While banks play a pivotal role in helping coal companies get capital through underwriting their stocks and bonds, the NGOs behind the research realize that ultimately the investors New investors are buyers of these securities.

The study identified nearly 5,000 institutional investors with a combined stake holding more than $1.2 trillion in the coal industry. The top two dozen companies accounted for 46% of this total as of November 2021. US investment giants Blackrock and Vanguard are considered the two largest institutional investors, respectively.

“No one should be fooled by Black stones‘sand VanguardMembers of the Net Zero Asset Manager Initiative. These two institutions have more responsibility for accelerating climate change than any other institutional investor worldwide,” Yann Louvel, policy analyst at Reclaim Finance, said in a statement.

He added it was “horrifying” to see pension funds, asset managers, mutual funds and other institutional investors still betting on coal companies amid the emergency. climate.

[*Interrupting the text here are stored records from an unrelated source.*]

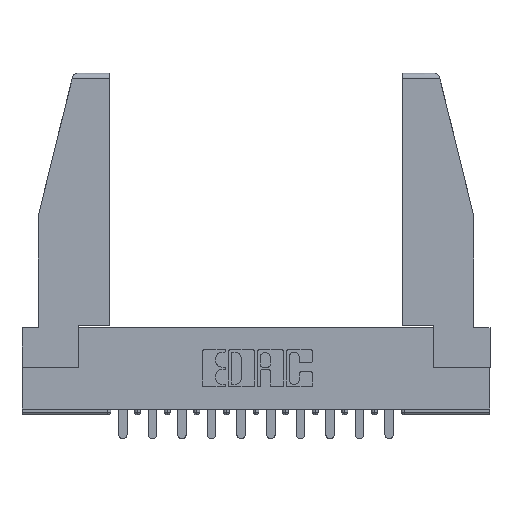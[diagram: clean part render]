
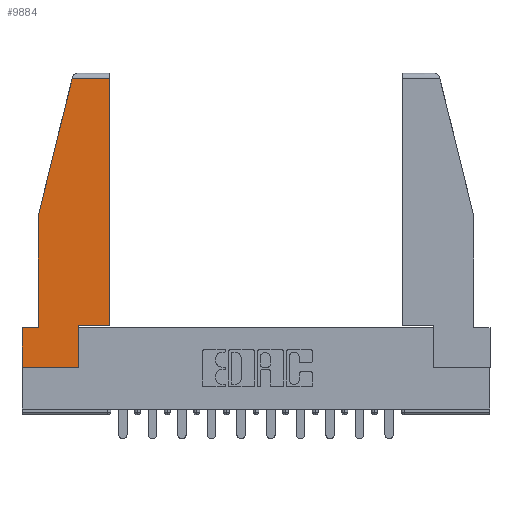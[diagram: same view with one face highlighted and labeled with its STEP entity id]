
A CAD part, top view. The second image highlights one B-rep face of the part: STEP entity #9884.
In plain terms, the highlighted planar face has unit normal (0, 0, 1).
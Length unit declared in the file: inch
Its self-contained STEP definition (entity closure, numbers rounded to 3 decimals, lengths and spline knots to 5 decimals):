
#86 = ORIENTED_EDGE ( 'NONE', *, *, #6538, .T. ) ;
#150 = CARTESIAN_POINT ( 'NONE',  ( 0.271, 1.55, 0. ) ) ;
#620 = DIRECTION ( 'NONE',  ( 1., 0., 0. ) ) ;
#698 = CARTESIAN_POINT ( 'NONE',  ( 0.461, 1.52, 0. ) ) ;
#756 = FACE_OUTER_BOUND ( 'NONE', #11161, .T. ) ;
#866 = DIRECTION ( 'NONE',  ( -1., 0., 0. ) ) ;
#1037 = VECTOR ( 'NONE', #866, 39.37008 ) ;
#1072 = DIRECTION ( 'NONE',  ( -1., 0., 0. ) ) ;
#1196 = EDGE_CURVE ( 'NONE', #14712, #8605, #13947, .T. ) ;
#1198 = CARTESIAN_POINT ( 'NONE',  ( 0.297, 0.223, 0. ) ) ;
#1367 = DIRECTION ( 'NONE',  ( 0., -1., 0. ) ) ;
#1381 = CARTESIAN_POINT ( 'NONE',  ( 0.297, 0.223, 0. ) ) ;
#1760 = EDGE_CURVE ( 'NONE', #2603, #2439, #8210, .T. ) ;
#1776 = VECTOR ( 'NONE', #3889, 39.37008 ) ;
#1780 = VERTEX_POINT ( 'NONE', #6544 ) ;
#1886 = LINE ( 'NONE', #11872, #14865 ) ;
#2423 = EDGE_CURVE ( 'NONE', #12532, #14593, #2789, .T. ) ;
#2439 = VERTEX_POINT ( 'NONE', #1381 ) ;
#2574 = PLANE ( 'NONE',  #4750 ) ;
#2603 = VERTEX_POINT ( 'NONE', #10026 ) ;
#2619 = LINE ( 'NONE', #13481, #5703 ) ;
#2789 = LINE ( 'NONE', #13072, #14727 ) ;
#3889 = DIRECTION ( 'NONE',  ( 0., 1., 0. ) ) ;
#3892 = DIRECTION ( 'NONE',  ( 0., 0., 1. ) ) ;
#4412 = LINE ( 'NONE', #1198, #9583 ) ;
#4750 = AXIS2_PLACEMENT_3D ( 'NONE', #16947, #3892, #13096 ) ;
#4780 = ORIENTED_EDGE ( 'NONE', *, *, #16724, .T. ) ;
#4837 = CARTESIAN_POINT ( 'NONE',  ( 0.461, 0.223, 0. ) ) ;
#5193 = ORIENTED_EDGE ( 'NONE', *, *, #7269, .T. ) ;
#5703 = VECTOR ( 'NONE', #620, 39.37008 ) ;
#6008 = CARTESIAN_POINT ( 'NONE',  ( 0., 0.21, 0. ) ) ;
#6242 = VERTEX_POINT ( 'NONE', #6356 ) ;
#6356 = CARTESIAN_POINT ( 'NONE',  ( 0.086, 0.8, 0. ) ) ;
#6435 = CARTESIAN_POINT ( 'NONE',  ( 0.086, 0.21, 0. ) ) ;
#6538 = EDGE_CURVE ( 'NONE', #6242, #16739, #1886, .T. ) ;
#6544 = CARTESIAN_POINT ( 'NONE',  ( 0.2636, 1.52, 0. ) ) ;
#6773 = LINE ( 'NONE', #150, #16830 ) ;
#7046 = CARTESIAN_POINT ( 'NONE',  ( 0.461, 0.223, 0. ) ) ;
#7269 = EDGE_CURVE ( 'NONE', #8605, #1780, #11759, .T. ) ;
#7451 = CARTESIAN_POINT ( 'NONE',  ( 0., 1.52, 0. ) ) ;
#8210 = LINE ( 'NONE', #14369, #1776 ) ;
#8605 = VERTEX_POINT ( 'NONE', #698 ) ;
#9204 = ORIENTED_EDGE ( 'NONE', *, *, #16423, .T. ) ;
#9406 = DIRECTION ( 'NONE',  ( -0.239, -0.971, 0. ) ) ;
#9583 = VECTOR ( 'NONE', #10413, 39.37008 ) ;
#9789 = EDGE_CURVE ( 'NONE', #14593, #2603, #2619, .T. ) ;
#9884 = ADVANCED_FACE ( 'NONE', ( #756 ), #2574, .T. ) ;
#10026 = CARTESIAN_POINT ( 'NONE',  ( 0.297, 0., 0. ) ) ;
#10237 = VECTOR ( 'NONE', #13818, 39.37008 ) ;
#10413 = DIRECTION ( 'NONE',  ( 1., 0., 0. ) ) ;
#10448 = VECTOR ( 'NONE', #1072, 39.37008 ) ;
#11161 = EDGE_LOOP ( 'NONE', ( #12477, #5193, #9204, #86, #4780, #15952, #12066, #11237, #15305 ) ) ;
#11237 = ORIENTED_EDGE ( 'NONE', *, *, #1760, .T. ) ;
#11759 = LINE ( 'NONE', #7451, #1037 ) ;
#11872 = CARTESIAN_POINT ( 'NONE',  ( 0.086, 0.8, 0. ) ) ;
#12066 = ORIENTED_EDGE ( 'NONE', *, *, #9789, .T. ) ;
#12477 = ORIENTED_EDGE ( 'NONE', *, *, #1196, .T. ) ;
#12532 = VERTEX_POINT ( 'NONE', #6008 ) ;
#12791 = CARTESIAN_POINT ( 'NONE',  ( 0., 0., 0. ) ) ;
#13037 = EDGE_CURVE ( 'NONE', #2439, #14712, #4412, .T. ) ;
#13072 = CARTESIAN_POINT ( 'NONE',  ( 0., 0.21, 0. ) ) ;
#13096 = DIRECTION ( 'NONE',  ( 1., 0., 0. ) ) ;
#13177 = DIRECTION ( 'NONE',  ( 0., -1., 0. ) ) ;
#13319 = LINE ( 'NONE', #16891, #10448 ) ;
#13481 = CARTESIAN_POINT ( 'NONE',  ( 0., 0., 0. ) ) ;
#13818 = DIRECTION ( 'NONE',  ( 0., 1., 0. ) ) ;
#13947 = LINE ( 'NONE', #7046, #10237 ) ;
#14369 = CARTESIAN_POINT ( 'NONE',  ( 0.297, 0., 0. ) ) ;
#14593 = VERTEX_POINT ( 'NONE', #12791 ) ;
#14712 = VERTEX_POINT ( 'NONE', #4837 ) ;
#14727 = VECTOR ( 'NONE', #13177, 39.37008 ) ;
#14865 = VECTOR ( 'NONE', #1367, 39.37008 ) ;
#15305 = ORIENTED_EDGE ( 'NONE', *, *, #13037, .T. ) ;
#15952 = ORIENTED_EDGE ( 'NONE', *, *, #2423, .T. ) ;
#16423 = EDGE_CURVE ( 'NONE', #1780, #6242, #6773, .T. ) ;
#16724 = EDGE_CURVE ( 'NONE', #16739, #12532, #13319, .T. ) ;
#16739 = VERTEX_POINT ( 'NONE', #6435 ) ;
#16830 = VECTOR ( 'NONE', #9406, 39.37008 ) ;
#16891 = CARTESIAN_POINT ( 'NONE',  ( 0., 0.21, 0. ) ) ;
#16947 = CARTESIAN_POINT ( 'NONE',  ( 0., 0., 0. ) ) ;

BlackRock declined to comment on the NGO’s findings.

A Vanguard spokesperson told CNBC that the company is “committed to encouraging companies, through effective management, to address physical climate risks” through the energy transition.

“As an asset manager, Vanguard has fiduciary responsibility to the many retail, intermediaries and institutional investors who have entrusted assets to us,” they said. “Our mission is to invest our clients’ assets in line with their chosen investment strategy and act as custodians of those assets. We take this responsibility very seriously.”